Table 1. Detailed parameter settings of gross domestic product (GDP), resident population, and the energy intensity and GDP share of sectors in the base scenario (BS) and comprehensive scenario (CS).

Parameter Settings	Base Year	BS		CS
	2019	2030	2035	2030	2035
GDP per capita (RMB 10,000)	4.58	10.26	12.94	10.26	12.94
Resident population (million)	37.21	37.56	37.36	37.56	37.36
Energy intensity for sectors	2019	2030	2035	2030	2035
Agricultural	0.26	0.29	0.29	0.29	0.29
Industrial	1.63	1.78	1.78	1.36	1.24
Building	0.15	0.15	0.15	0.15	0.15
Transport	1.02	1.03	1.03	0.82	0.72
Services	0.09	0.10	0.10	0.10	0.10
Residential	0.34	0.33	0.33	0.33	0.33
GDP share (%) for sectors	2019	2030	2035	2030	2035
Agricultural	5.14	5.28	5.28	4.36	4.00
Industrial	38.58	37.21	37.23	29.24	25.00
Building	5.26	5.81	5.80	5.08	5.00
Transport	5.91	6.40	6.40	5.97	6.00
Services	45.11	45.30	45.29	55.35	60.00

The units of energy intensity for sectors are 10,000 tons standard coal/10,000 yuan.

, and the structure of energy consumption by sector in Shanxi Province under the BS is shown in Appendix A.

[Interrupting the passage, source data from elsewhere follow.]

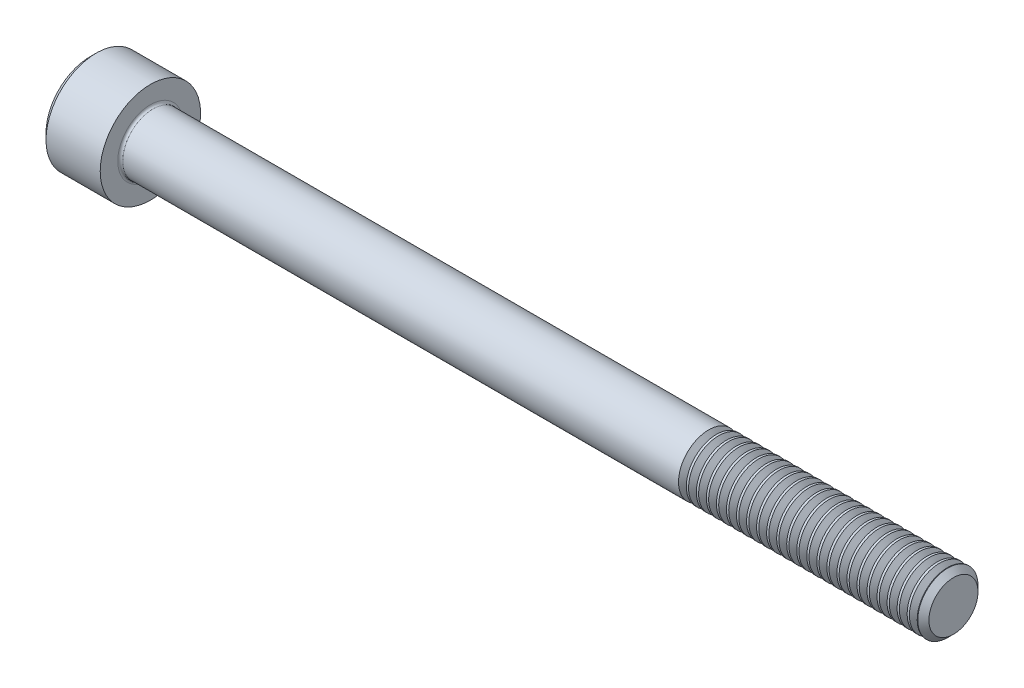
SolidWorks part; units mm, degrees
revolve "Base-Revolve" add sketch "BodySke"
sketch "BodySke" plane through (0, 0, 0) normal (0, 0, 1) x (1, 0, 0)
  line L0 (0, 0) -> (0, 4.4)
  line L1 (0.6, 5) -> (6, 5)
  line L2 (6, 5) -> (6, 3)
  line L3 (6, 3) -> (85.4455, 3)
  line L4 (86, 2.4455) -> (86, 0)
  line L5 (86, 0) -> (0, 0)
  line L6 (-31.75, 0) -> (127, 0) construction
  line L7 (0, 4.4) -> (0.6, 5)
  line L8 (86, 2.4455) -> (85.4455, 3)
  line L9 (0, -4.4) -> (0.6, -5) construction
  line L10 (86, -2.4455) -> (85.4455, -3) construction
  line L11 (7, 9.525) -> (7, 3.175) construction
  line L12 (62, 9.525) -> (62, 3.175) construction
  line L13 (36, 9.525) -> (36, 3.175) construction
  dimension "Diameter" = 6
  dimension "Head_ht" = 6
  dimension "Length" = 80
  dimension "Body_ch_ang" = 45
  dimension "Head_dia" = 10
  dimension "Head_ch_ang" = 45
  dimension "Minor_dia" = 4.891
  dimension "Advance" = 1
  dimension "Thread_nom" = 24
  dimension "Thread_length" = 50
  dimension "Head_ch_ht" = 0.6
cosmetic thread "ThreadCosmetic" [suppressed]
fillet "Fillet1" radius 0.25 1 edges at (6, 0, 3)
ref_plane "Plane1" through (0, 0, 0) normal (0, 0, 1) x (1, 0, 0)
ref_plane "Plane2" through (0, 0, 0) normal (0, 1, 0) x (1, 0, 0)
ref_plane "Plane3" through (0, 0, 0) normal (1, 0, 0) x (0, 0, -1)
sketch "Sketch2" plane through (0, 0, 0) normal (0, 0, 1) x (1, 0, 0)
  line L0 (0, 2.542) -> (3, 2.542)
  line L1 (3, 2.542) -> (4.4676, 0)
  line L2 (-31.75, 0) -> (127, 0) construction
  line L3 (4.4676, 0) -> (0, 0)
  line L4 (0, 0) -> (0, 2.542)
  line L5 (0, 4.4) -> (0, -4.4) construction
  line L6 (0, 0) -> (47.625, 0) construction
  line L7 (6, -5) -> (6, 5) construction
  dimension "D2" = 60
revolve "Hex-PreBroach" cut sketch "Sketch2" angle 360 about L6
sketch "Sketch3" plane through (0, 0, 0) normal (-1, 0, 0) x (0, 0.5, 0.866)
  line L0 (1.4676, 2.542) -> (-1.4676, 2.542)
  line L1 (-1.4676, 2.542) -> (-2.9352, 0)
  line L2 (1.4676, 2.542) -> (2.9352, 0)
  line L3 (1.4676, -2.542) -> (2.9352, 0)
  line L4 (1.4676, -2.542) -> (-1.4676, -2.542)
  line L5 (-1.4676, -2.542) -> (-2.9352, 0)
extrude "Hex" cut sketch "Sketch3" against normal blind 3
sketch "Sketch4" plane through (0, 0, 0) normal (-1, 0, 0) x (0, 0, 1)
  line L0 (0, 0) -> (2.8067, 0)
  line L1 (0, 0) -> (6.1484, 3.5498) construction
  line L2 (0, 0) -> (1.4033, 2.4307)
  line L3 (2.3336, 0.614) -> (2.6851, 0.817)
  line L4 (1.6986, 1.7139) -> (2.0501, 1.9169)
  arc A0 (2.3336, 0.614) -> (1.6986, 1.7139) centre (0, 0) ccw
  arc A1 (2.8067, 0) -> (2.6851, 0.817) centre (0, 0) ccw
  arc A2 (1.4033, 2.4307) -> (2.0501, 1.9169) centre (0, 0) cw
  dimension "D1" = 30
  dimension "D2" = 60
extrude "Spline" [suppressed] cut sketch "Sketch4" against normal blind 3
pattern_circular "CirPattern1" [suppressed] count 6 every 60
sketch "Sketch5" plane through (0, 0, 0) normal (0, 0, 1) x (1, 0, 0)
  line L0 (-31.75, 0) -> (127, 0) construction
  line L2 (0, 4.4) -> (0, -4.4) construction
  circle A0 centre (2.3, 0) radius 0.675
  dimension "Drilled_hole_dia" = 1.35
  dimension "Drilled_hole_loc" = 2.3
extrude "Hole" [suppressed] cut sketch "Sketch5" against normal through all and the other way through all
pattern_circular "Drilled-4" [suppressed] count 2 every 60
pattern_circular "Drilled-6" [suppressed] count 3 every 60
sketch "ThdSchSke" plane through (0, 0, 0) normal (0, 0, 1) x (1, 0, 0)
  line L0 (62, -2.4455) -> (61.6117, -3)
  line L1 (62, -2.4455) -> (62.3883, -3)
  line L2 (62.3883, -3) -> (62.3883, -3.75)
  line L3 (-3.175, 0) -> (5.1513, 0) construction
  line L5 (62.3883, -3.75) -> (61.6117, -3.75)
  line L6 (61.6117, -3.75) -> (61.6117, -3)
  line L7 (0, 4.4) -> (0, -4.4) construction
revolve "ThreadSchematic" cut sketch "ThdSchSke" angle 360 about L3
pattern_linear "ThdSchPat" count 24 spacing 1 along (1, 0, 0) of "ThreadSchematic"
equation "\"D2@Sketch3\" = \"Hex_size@Sketch3\" / 2"
equation "\"D1@Sketch3\" = \"Hex_size@Sketch3\" / 2"
equation "\"D1@Sketch2\" = \"Hex_size@Sketch3\" / 2"
equation "\"D3@Sketch4\" = \"Spline_p_dim@Sketch4\" / 2"
equation "\"Thread_minor@ThreadCosmetic\"  =  \"Minor_dia@BodySke\""
equation "\"D2@CirPattern1\" = 360 / \"Num_teeth@CirPattern1\""
equation "\"Wall_thickness@Sketch2\" = \"Head_ht@BodySke\" - \"Key_eng@Hex\""
equation "\"Thread_length@ThreadCosmetic\" = ((sgn( (\"Length@BodySke\" - \"Advance@BodySke\" ) - \"Thread_nom@BodySke\" )-1)*( (\"Length@BodySke\" - \"Advance@BodySke\" ) - \"Thread_nom@BodySke\" ))/-2+ \"Thread_nom@BodySke\""
equation "\"Thread_minor@ThdSchSke\" = \"Minor_dia@BodySke\""
equation "\"Diameter@ThdSchSke\" = \"Diameter@BodySke\""
equation "\"Overcut@ThdSchSke\" = \"Diameter@BodySke\" * 1.25"
equation "\"Start@ThdSchSke\" = \"Head_ht@BodySke\" + \"Length@BodySke\" - \"Thread_length@ThreadCosmetic\"  '---Non-countersunk---"
equation "\"Num_threads@ThdSchPat\" = int( \"Thread_length@ThreadCosmetic\" / \"Advance@BodySke\" + 0.999 )  + 1"
equation "\"Advance@ThdSchPat\" = \"Thread_length@ThreadCosmetic\" /  (\"Num_threads@ThdSchPat\" - 1) 'relax it"
equation "\"Num_threads@ThdSchPat\" = \"Num_threads@ThdSchPat\" - sgn( \"Num_threads@ThdSchPat\" - 1) '---chamfered tips only---"
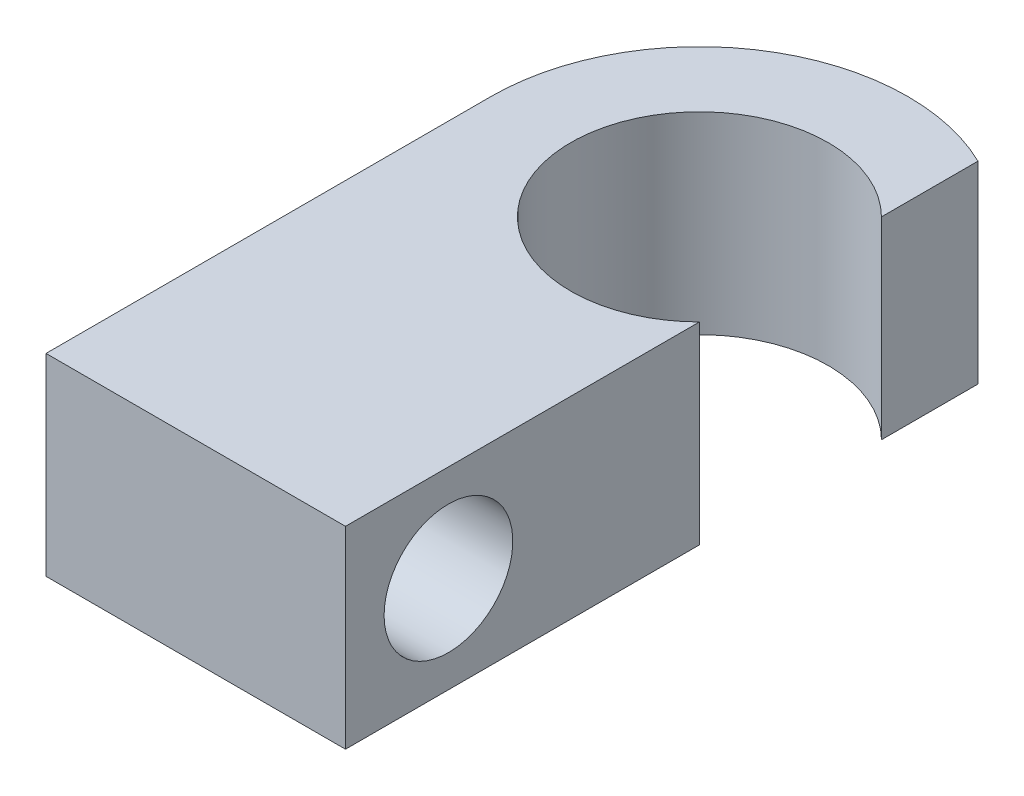
SolidWorks part; units mm, degrees
ref_plane "Front Plane" through (0, 0, 0) normal (0, 0, 1) x (1, 0, 0)
ref_plane "Top Plane" through (0, 0, 0) normal (0, 1, 0) x (1, 0, 0)
ref_plane "Right Plane" through (0, 0, 0) normal (1, 0, 0) x (0, 0, -1)
sketch "Sketch1" plane through (0, 0, 0) normal (0, 1, 0) x (1, 0, 0)
  line L0 (0, 0) -> (4.4901, 4.4901) construction
  line L1 (0, 0) -> (4.4901, -4.4901) construction
  line L2 (4.4901, 4.4901) -> (4.4901, 9.2526)
  line L3 (4.4901, -4.4901) -> (4.4901, -9.2526)
  arc A0 (4.4901, 4.4901) -> (4.4901, -4.4901) centre (0, 0) ccw
  arc A1 (4.4901, 9.2526) -> (4.4901, -9.2526) centre (0, 0) ccw
  dimension "D1" = 12.7
  dimension "D2" = 90
  dimension "D3" = 4.7625
extrude "Boss-Extrude1" add sketch "Sketch1" along normal blind 9.525
sketch "Sketch2" plane through (0, 9.525, 0) normal (0, 1, 0) x (1, 0, 0)
  line L0 (-10.2846, 0) -> (-10.2846, -21.9526)
  line L1 (-10.2846, -21.9526) -> (4.4901, -21.9526)
  line L2 (4.4901, -21.9526) -> (4.4901, -9.2526)
  line L3 (4.4901, -9.2526) -> (4.4901, -4.4901) construction
  arc A0 (4.4901, 9.2526) -> (4.4901, -9.2526) centre (0, 0) ccw construction
  arc A1 (-10.2846, 0) -> (4.4901, -9.2526) centre (0, 0) ccw
  dimension "D1" = 12.7
extrude "Boss-Extrude2" add sketch "Sketch2" against normal through all
sketch "Sketch3" plane through (-10.2846, 0, 0) normal (-1, 0, 0) x (0, 0, 1)
  line L0 (21.9526, 0) -> (21.9526, 9.525) construction
  line L1 (0, 0) -> (0, 9.525) construction
  circle A0 centre (16.8726, 4.7625) radius 3.175
  point P4 (21.9526, 4.7625)
  dimension "D1" = 6.35
  dimension "D2" = 5.08
extrude "Cut-Extrude1" cut sketch "Sketch3" against normal through all
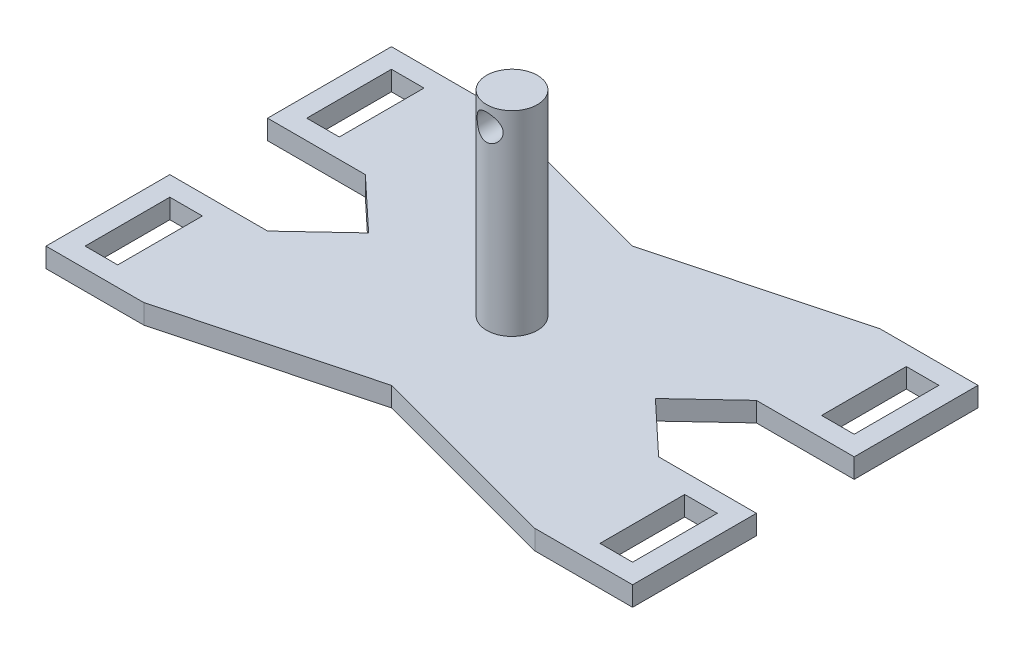
SolidWorks part; units mm, degrees
ref_plane "Alzado" through (0, 0, 0) normal (0, 0, 1) x (1, 0, 0)
ref_plane "Planta" through (0, 0, 0) normal (0, 1, 0) x (1, 0, 0)
ref_plane "Vista lateral" through (0, 0, 0) normal (1, 0, 0) x (0, 0, -1)
sketch "Croquis1" plane through (0, 0, 0) normal (0, 1, 0) x (1, 0, 0)
  line L0 (-45, -26.5) -> (-30, -26.5)
  line L1 (-30, -26.5) -> (30, -26.5) construction
  line L2 (30, -26.5) -> (30, -7.5) construction
  line L3 (-30, 26.5) -> (30, 26.5) construction
  line L4 (30, 7.5) -> (30, 26.5) construction
  line L5 (-30, -26.5) -> (30, 26.5) construction
  line L6 (30, -26.5) -> (-30, 26.5) construction
  line L7 (30, -26.5) -> (45, -26.5)
  line L8 (45, -26.5) -> (45, -7.5)
  line L9 (45, -7.5) -> (30, -7.5)
  line L10 (30, -7.5) -> (30, 7.5) construction
  line L11 (30, 7.5) -> (45, 7.5)
  line L12 (45, 7.5) -> (45, 26.5)
  line L13 (45, 26.5) -> (30, 26.5)
  line L14 (30, -26.5) -> (0, -18.5)
  line L15 (0, -18.5) -> (-30, -26.5)
  line L16 (-30, 26.5) -> (-45, 26.5)
  line L17 (-45, 26.5) -> (-45, 7.5)
  line L18 (-45, 7.5) -> (-30, 7.5)
  line L19 (-30, 7.5) -> (-30, -7.5) construction
  line L20 (-30, -7.5) -> (-45, -7.5)
  line L21 (-45, -7.5) -> (-45, -26.5)
  line L22 (-30, -7.5) -> (-22, 0)
  line L23 (-22, 0) -> (-30, 7.5)
  line L24 (-30, 7.5) -> (-30, 26.5) construction
  line L25 (-30, -26.5) -> (-30, -7.5) construction
  line L26 (-30, 26.5) -> (0, 18.5)
  line L27 (0, 18.5) -> (30, 26.5)
  line L28 (30, 7.5) -> (22, 0)
  line L29 (22, 0) -> (30, -7.5)
  line L30 (42, -10.5) -> (45, -10.5) construction
  line L31 (42, -10.5) -> (37, -10.5)
  line L32 (42, -10.5) -> (42, -23.5)
  line L33 (42, -23.5) -> (37, -23.5)
  line L34 (37, -10.5) -> (37, -23.5)
  line L35 (42, -10.5) -> (42, -7.5) construction
  line L36 (42, -23.5) -> (42, -26.5) construction
  line L37 (-42, 23.5) -> (-42, 26.5) construction
  line L38 (42, 23.5) -> (37, 23.5)
  line L39 (42, 23.5) -> (42, 10.5)
  line L40 (42, 10.5) -> (37, 10.5)
  line L41 (37, 23.5) -> (37, 10.5)
  line L42 (-42, 23.5) -> (-37, 23.5)
  line L43 (-42, 23.5) -> (-42, 10.5)
  line L44 (-42, 10.5) -> (-37, 10.5)
  line L45 (-37, 23.5) -> (-37, 10.5)
  line L46 (-42, -10.5) -> (-37, -10.5)
  line L47 (-42, -10.5) -> (-42, -23.5)
  line L48 (-42, -23.5) -> (-37, -23.5)
  line L49 (-37, -10.5) -> (-37, -23.5)
  line L50 (-42, 23.5) -> (-45, 23.5) construction
  line L51 (-42, -10.5) -> (-45, -10.5) construction
  line L52 (-42, -10.5) -> (-42, -7.5) construction
  line L53 (42, 23.5) -> (42, 26.5) construction
  line L54 (42, 23.5) -> (45, 23.5) construction
  point P0 (0, 0)
  point P1 (0, 0)
  point P48 (42, -17)
  point P49 (42, 17)
  point P50 (39.5, -10.5)
  dimension "D6" = 3
  dimension "D1" = 60
  dimension "D2" = 34
  dimension "D3" = 13
  dimension "D4" = 9.5
  dimension "D5" = 8
  dimension "D7" = 8
  dimension "D8" = 5
extrude "Saliente-Extruir1" add sketch "Croquis1" along normal blind 3
sketch "Croquis9" plane through (0, 3, 0) normal (0, 1, 0) x (1, 0, 0)
  circle A0 centre (0, 0) radius 3.9
  dimension "D1" = 7.8
extrude "Saliente-Extruir2" add sketch "Croquis9" along normal blind 30
sketch "Croquis10" plane through (0, 0, 0) normal (0, 0, 1) x (1, 0, 0)
  line L0 (0, 0) -> (0, 30) construction
  circle A0 centre (0, 30) radius 2
  dimension "D1" = 4
  dimension "D2" = 30
extrude "Cortar-Extruir7" cut sketch "Croquis10" against normal through all and the other way through all
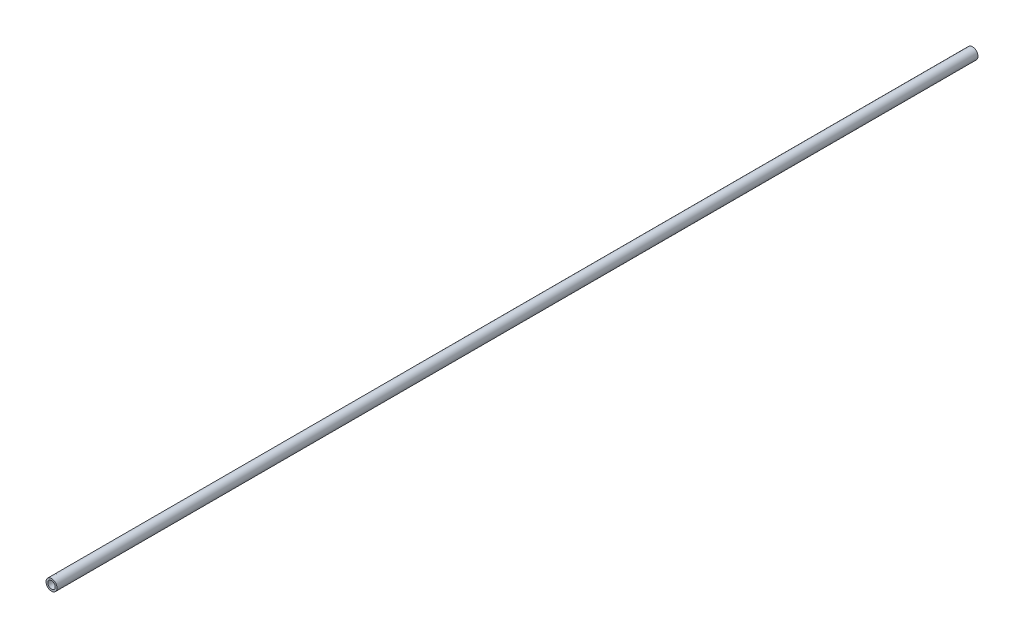
SolidWorks part; units mm, degrees
material "Poltrusion Carbon Fiber"
ref_plane "Front Plane" through (0, 0, 0) normal (0, 0, 1) x (1, 0, 0)
ref_plane "Top Plane" through (0, 0, 0) normal (0, 1, 0) x (1, 0, 0)
ref_plane "Right Plane" through (0, 0, 0) normal (1, 0, 0) x (0, 0, -1)
sketch "Эскиз1" plane through (0, 0, 0) normal (0, 0, 1) x (1, 0, 0)
  circle A0 centre (0, 0) radius 3
  circle A1 centre (0, 0) radius 2
  dimension "D1" = 6
  dimension "D2" = 4
extrude "Бобышка-Вытянуть1" add sketch "Эскиз1" along normal mid plane 500

2.3.2. Comprehensive Scenario (CS)

This scenario aimed to analyze the trend and peak of CO₂ emissions in Shanxi Province by considering multiple emission reduction measures. The first measure was the optimization of industrial structure, which reduces the GDP share of energy-intensive sectors (such as industry and transport) while increasing the GDP share of services. Using developed economies as a reference [6], the CS assumed that the GDP share of the service sector of Shanxi Province will reach 60% by 2035, while the GDP shares of the industry and transportation sectors will decrease to 25% and 5%, respectively. The shares of agriculture and the building sector will also decrease slightly. The second measure was the restructuring of energy consumption in the different final energy demand sectors. It assumed that the share of consumption of relatively clean energy sources such as natural gas, heat, and electricity will exceed 50% by 2035. The third measure was the implementation of energy conservation policies and incentives, with the aim of improving energy use efficiency and reducing the energy intensity of the industry and transport sectors. Specifically, the CS assumed a 30% reduction in the energy intensity of the industrial and transport sectors in Shanxi Province by 2035 compared with that in the BS. The fourth measure was the optimization of the power supply structure. According to the “China Energy and Electricity Development Planning Study 2030 and Outlook 2060” [42], the installed capacity of thermal power in China is expected to be reduced to 27.6% by 2030. However, considering that the current thermal power generation in Shanxi Province accounts for a relatively large proportion (88.1% in 2019) [40], we assume that the installed capacity of thermal power in Shanxi Province will decrease to 50% by 2035. Other parameters were set in line with the BS. The detailed parameter settings for the CS are shown in Table 1, and the structure of energy consumption by sectors in Shanxi Province under the CS is given in Appendix A.

2.4. Sensitivity Analysis

The sensitivity analysis was based on the CS and aimed to analyze how changes in the economic development level, industrial structure, energy intensity, and power supply structure affect the trend and peak of CO₂ emissions in Shanxi Province.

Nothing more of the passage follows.